Start of Material provided
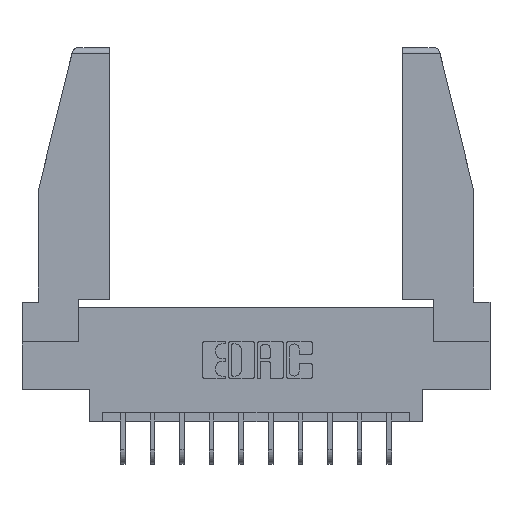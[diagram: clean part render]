
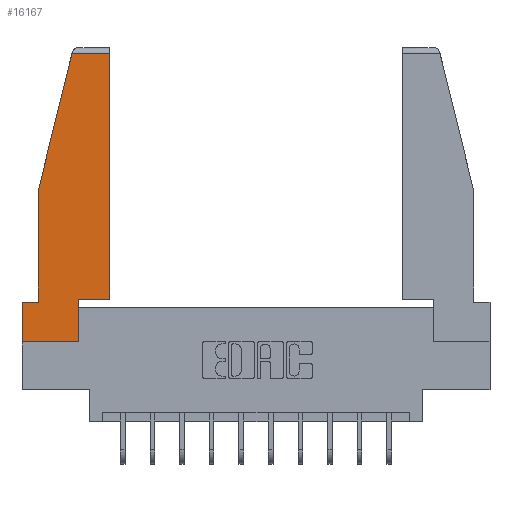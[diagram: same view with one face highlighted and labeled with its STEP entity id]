
A CAD part, top view. The second image highlights one B-rep face of the part: STEP entity #16167.
In plain terms, the highlighted planar face has unit normal (0, 0, 1).
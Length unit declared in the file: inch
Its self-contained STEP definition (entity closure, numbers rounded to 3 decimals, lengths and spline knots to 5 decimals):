
#622 = CARTESIAN_POINT ( 'NONE',  ( 0., 1.52, 0. ) ) ;
#1075 = VECTOR ( 'NONE', #2896, 39.37008 ) ;
#1489 = CARTESIAN_POINT ( 'NONE',  ( 0.297, 0.223, 0. ) ) ;
#1815 = VECTOR ( 'NONE', #14182, 39.37008 ) ;
#2407 = CARTESIAN_POINT ( 'NONE',  ( 0.461, 1.52, 0. ) ) ;
#2483 = EDGE_LOOP ( 'NONE', ( #12214, #4536, #13009, #7864, #5105, #5929, #13119, #14703, #8597 ) ) ;
#2517 = VECTOR ( 'NONE', #15341, 39.37008 ) ;
#2896 = DIRECTION ( 'NONE',  ( 1., 0., 0. ) ) ;
#3043 = VECTOR ( 'NONE', #15573, 39.37008 ) ;
#3469 = EDGE_CURVE ( 'NONE', #15182, #15531, #12468, .T. ) ;
#3775 = VERTEX_POINT ( 'NONE', #2407 ) ;
#3848 = VERTEX_POINT ( 'NONE', #11264 ) ;
#3853 = LINE ( 'NONE', #13188, #3043 ) ;
#3911 = CARTESIAN_POINT ( 'NONE',  ( 0., 0.21, 0. ) ) ;
#4053 = CARTESIAN_POINT ( 'NONE',  ( 0.2636, 1.52, 0. ) ) ;
#4378 = VERTEX_POINT ( 'NONE', #6224 ) ;
#4528 = VERTEX_POINT ( 'NONE', #10829 ) ;
#4530 = DIRECTION ( 'NONE',  ( 0., 1., 0. ) ) ;
#4536 = ORIENTED_EDGE ( 'NONE', *, *, #13752, .T. ) ;
#4772 = VECTOR ( 'NONE', #16219, 39.37008 ) ;
#4913 = VERTEX_POINT ( 'NONE', #3911 ) ;
#5105 = ORIENTED_EDGE ( 'NONE', *, *, #11561, .T. ) ;
#5205 = CARTESIAN_POINT ( 'NONE',  ( 0.271, 1.55, 0. ) ) ;
#5277 = LINE ( 'NONE', #5205, #13556 ) ;
#5403 = LINE ( 'NONE', #622, #10521 ) ;
#5474 = EDGE_CURVE ( 'NONE', #5922, #3848, #5277, .T. ) ;
#5605 = CARTESIAN_POINT ( 'NONE',  ( 0.297, 0., 0. ) ) ;
#5922 = VERTEX_POINT ( 'NONE', #4053 ) ;
#5929 = ORIENTED_EDGE ( 'NONE', *, *, #7693, .T. ) ;
#6023 = VECTOR ( 'NONE', #13581, 39.37008 ) ;
#6036 = CARTESIAN_POINT ( 'NONE',  ( 0., 0., 0. ) ) ;
#6224 = CARTESIAN_POINT ( 'NONE',  ( 0.086, 0.21, 0. ) ) ;
#6400 = CARTESIAN_POINT ( 'NONE',  ( 0.086, 0.8, 0. ) ) ;
#6487 = CARTESIAN_POINT ( 'NONE',  ( 0.461, 0.223, 0. ) ) ;
#6618 = LINE ( 'NONE', #9932, #6023 ) ;
#6755 = EDGE_CURVE ( 'NONE', #4528, #3775, #15529, .T. ) ;
#7124 = CARTESIAN_POINT ( 'NONE',  ( 0.297, 0., 0. ) ) ;
#7549 = LINE ( 'NONE', #6036, #4772 ) ;
#7693 = EDGE_CURVE ( 'NONE', #4913, #15727, #3853, .T. ) ;
#7835 = DIRECTION ( 'NONE',  ( 1., 0., 0. ) ) ;
#7860 = CARTESIAN_POINT ( 'NONE',  ( 0.297, 0.223, 0. ) ) ;
#7864 = ORIENTED_EDGE ( 'NONE', *, *, #16113, .T. ) ;
#8597 = ORIENTED_EDGE ( 'NONE', *, *, #11312, .T. ) ;
#8946 = PLANE ( 'NONE',  #12176 ) ;
#9053 = DIRECTION ( 'NONE',  ( 0., 0., 1. ) ) ;
#9104 = VECTOR ( 'NONE', #4530, 39.37008 ) ;
#9398 = DIRECTION ( 'NONE',  ( -1., 0., 0. ) ) ;
#9932 = CARTESIAN_POINT ( 'NONE',  ( 0., 0.21, 0. ) ) ;
#10200 = CARTESIAN_POINT ( 'NONE',  ( 0., 0., 0. ) ) ;
#10521 = VECTOR ( 'NONE', #9398, 39.37008 ) ;
#10829 = CARTESIAN_POINT ( 'NONE',  ( 0.461, 0.223, 0. ) ) ;
#11057 = FACE_OUTER_BOUND ( 'NONE', #2483, .T. ) ;
#11250 = LINE ( 'NONE', #6400, #1815 ) ;
#11264 = CARTESIAN_POINT ( 'NONE',  ( 0.086, 0.8, 0. ) ) ;
#11312 = EDGE_CURVE ( 'NONE', #15531, #4528, #12522, .T. ) ;
#11561 = EDGE_CURVE ( 'NONE', #4378, #4913, #6618, .T. ) ;
#12176 = AXIS2_PLACEMENT_3D ( 'NONE', #10200, #9053, #7835 ) ;
#12214 = ORIENTED_EDGE ( 'NONE', *, *, #6755, .T. ) ;
#12468 = LINE ( 'NONE', #7124, #9104 ) ;
#12522 = LINE ( 'NONE', #7860, #1075 ) ;
#13009 = ORIENTED_EDGE ( 'NONE', *, *, #5474, .T. ) ;
#13119 = ORIENTED_EDGE ( 'NONE', *, *, #13938, .T. ) ;
#13188 = CARTESIAN_POINT ( 'NONE',  ( 0., 0.21, 0. ) ) ;
#13351 = CARTESIAN_POINT ( 'NONE',  ( 0., 0., 0. ) ) ;
#13556 = VECTOR ( 'NONE', #15308, 39.37008 ) ;
#13581 = DIRECTION ( 'NONE',  ( -1., 0., 0. ) ) ;
#13752 = EDGE_CURVE ( 'NONE', #3775, #5922, #5403, .T. ) ;
#13938 = EDGE_CURVE ( 'NONE', #15727, #15182, #7549, .T. ) ;
#14182 = DIRECTION ( 'NONE',  ( 0., -1., 0. ) ) ;
#14703 = ORIENTED_EDGE ( 'NONE', *, *, #3469, .T. ) ;
#15182 = VERTEX_POINT ( 'NONE', #5605 ) ;
#15308 = DIRECTION ( 'NONE',  ( -0.239, -0.971, 0. ) ) ;
#15341 = DIRECTION ( 'NONE',  ( 0., 1., 0. ) ) ;
#15529 = LINE ( 'NONE', #6487, #2517 ) ;
#15531 = VERTEX_POINT ( 'NONE', #1489 ) ;
#15573 = DIRECTION ( 'NONE',  ( 0., -1., 0. ) ) ;
#15727 = VERTEX_POINT ( 'NONE', #13351 ) ;
#16113 = EDGE_CURVE ( 'NONE', #3848, #4378, #11250, .T. ) ;
#16167 = ADVANCED_FACE ( 'NONE', ( #11057 ), #8946, .T. ) ;
#16219 = DIRECTION ( 'NONE',  ( 1., 0., 0. ) ) ;
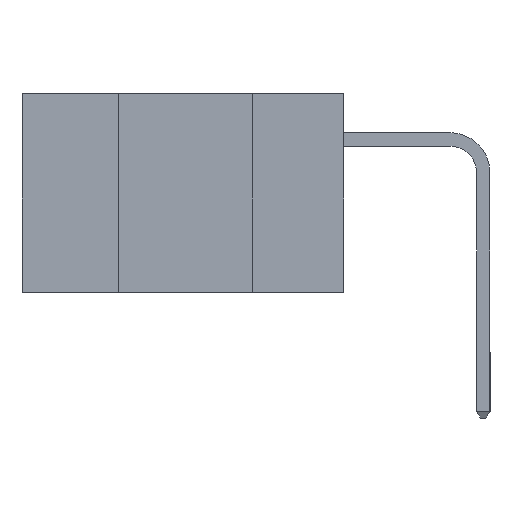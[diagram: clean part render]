
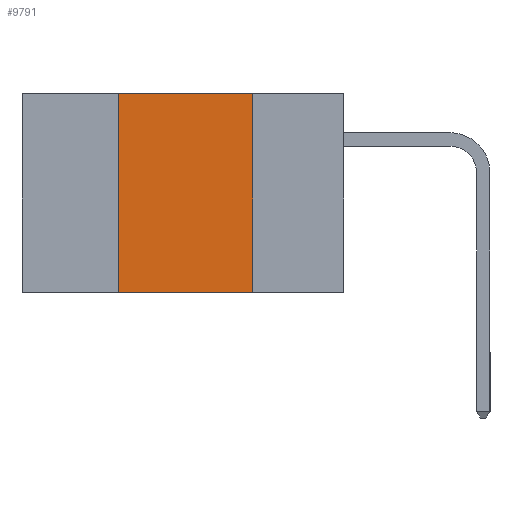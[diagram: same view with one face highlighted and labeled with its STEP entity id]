
A CAD part, left-side view. The second image highlights one B-rep face of the part: STEP entity #9791.
In plain terms, the highlighted planar face has unit normal (-1, 0, 0).
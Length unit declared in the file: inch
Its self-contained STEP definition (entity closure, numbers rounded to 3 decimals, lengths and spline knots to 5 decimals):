
#140 = VECTOR ( 'NONE', #741, 39.37008 ) ;
#741 = DIRECTION ( 'NONE',  ( 0., 0., 1. ) ) ;
#1108 = PLANE ( 'NONE',  #6056 ) ;
#1586 = LINE ( 'NONE', #14349, #6851 ) ;
#2267 = CARTESIAN_POINT ( 'NONE',  ( 0., 0.42, 0. ) ) ;
#2345 = DIRECTION ( 'NONE',  ( 0., -1., 0. ) ) ;
#3249 = CARTESIAN_POINT ( 'NONE',  ( 0., 0.17, -0.37 ) ) ;
#3289 = VERTEX_POINT ( 'NONE', #3249 ) ;
#3388 = VECTOR ( 'NONE', #4735, 39.37008 ) ;
#4735 = DIRECTION ( 'NONE',  ( 0., 0., -1. ) ) ;
#4743 = DIRECTION ( 'NONE',  ( 0., 0., -1. ) ) ;
#5548 = CARTESIAN_POINT ( 'NONE',  ( 0., 0.42, -0.37 ) ) ;
#5636 = ORIENTED_EDGE ( 'NONE', *, *, #16209, .T. ) ;
#6056 = AXIS2_PLACEMENT_3D ( 'NONE', #13560, #9617, #4743 ) ;
#6851 = VECTOR ( 'NONE', #9168, 39.37008 ) ;
#7109 = EDGE_CURVE ( 'NONE', #7541, #10866, #9341, .T. ) ;
#7370 = CARTESIAN_POINT ( 'NONE',  ( 0., 0.17, -0.37 ) ) ;
#7541 = VERTEX_POINT ( 'NONE', #13039 ) ;
#7627 = ORIENTED_EDGE ( 'NONE', *, *, #7109, .F. ) ;
#7679 = CARTESIAN_POINT ( 'NONE',  ( 0., 0.17, 0. ) ) ;
#9168 = DIRECTION ( 'NONE',  ( 0., -1., 0. ) ) ;
#9341 = LINE ( 'NONE', #5548, #140 ) ;
#9462 = VECTOR ( 'NONE', #2345, 39.37008 ) ;
#9617 = DIRECTION ( 'NONE',  ( 1., 0., 0. ) ) ;
#9791 = ADVANCED_FACE ( 'NONE', ( #11194 ), #1108, .F. ) ;
#9956 = CARTESIAN_POINT ( 'NONE',  ( 0., 0.6, 0. ) ) ;
#10866 = VERTEX_POINT ( 'NONE', #2267 ) ;
#10971 = EDGE_CURVE ( 'NONE', #11698, #3289, #13625, .T. ) ;
#11110 = ORIENTED_EDGE ( 'NONE', *, *, #10971, .F. ) ;
#11194 = FACE_OUTER_BOUND ( 'NONE', #11795, .T. ) ;
#11698 = VERTEX_POINT ( 'NONE', #7679 ) ;
#11795 = EDGE_LOOP ( 'NONE', ( #11110, #14088, #7627, #5636 ) ) ;
#13039 = CARTESIAN_POINT ( 'NONE',  ( 0., 0.42, -0.37 ) ) ;
#13560 = CARTESIAN_POINT ( 'NONE',  ( 0., 0.6, 0. ) ) ;
#13625 = LINE ( 'NONE', #7370, #3388 ) ;
#14088 = ORIENTED_EDGE ( 'NONE', *, *, #14184, .F. ) ;
#14184 = EDGE_CURVE ( 'NONE', #10866, #11698, #14870, .T. ) ;
#14349 = CARTESIAN_POINT ( 'NONE',  ( 0., 0.6, -0.37 ) ) ;
#14870 = LINE ( 'NONE', #9956, #9462 ) ;
#16209 = EDGE_CURVE ( 'NONE', #7541, #3289, #1586, .T. ) ;
End of Material provided
• [Goal of the exercise]: What number of lines in the data above include the string "plain"? Answer with that number only.

• [Answer for the task]: 2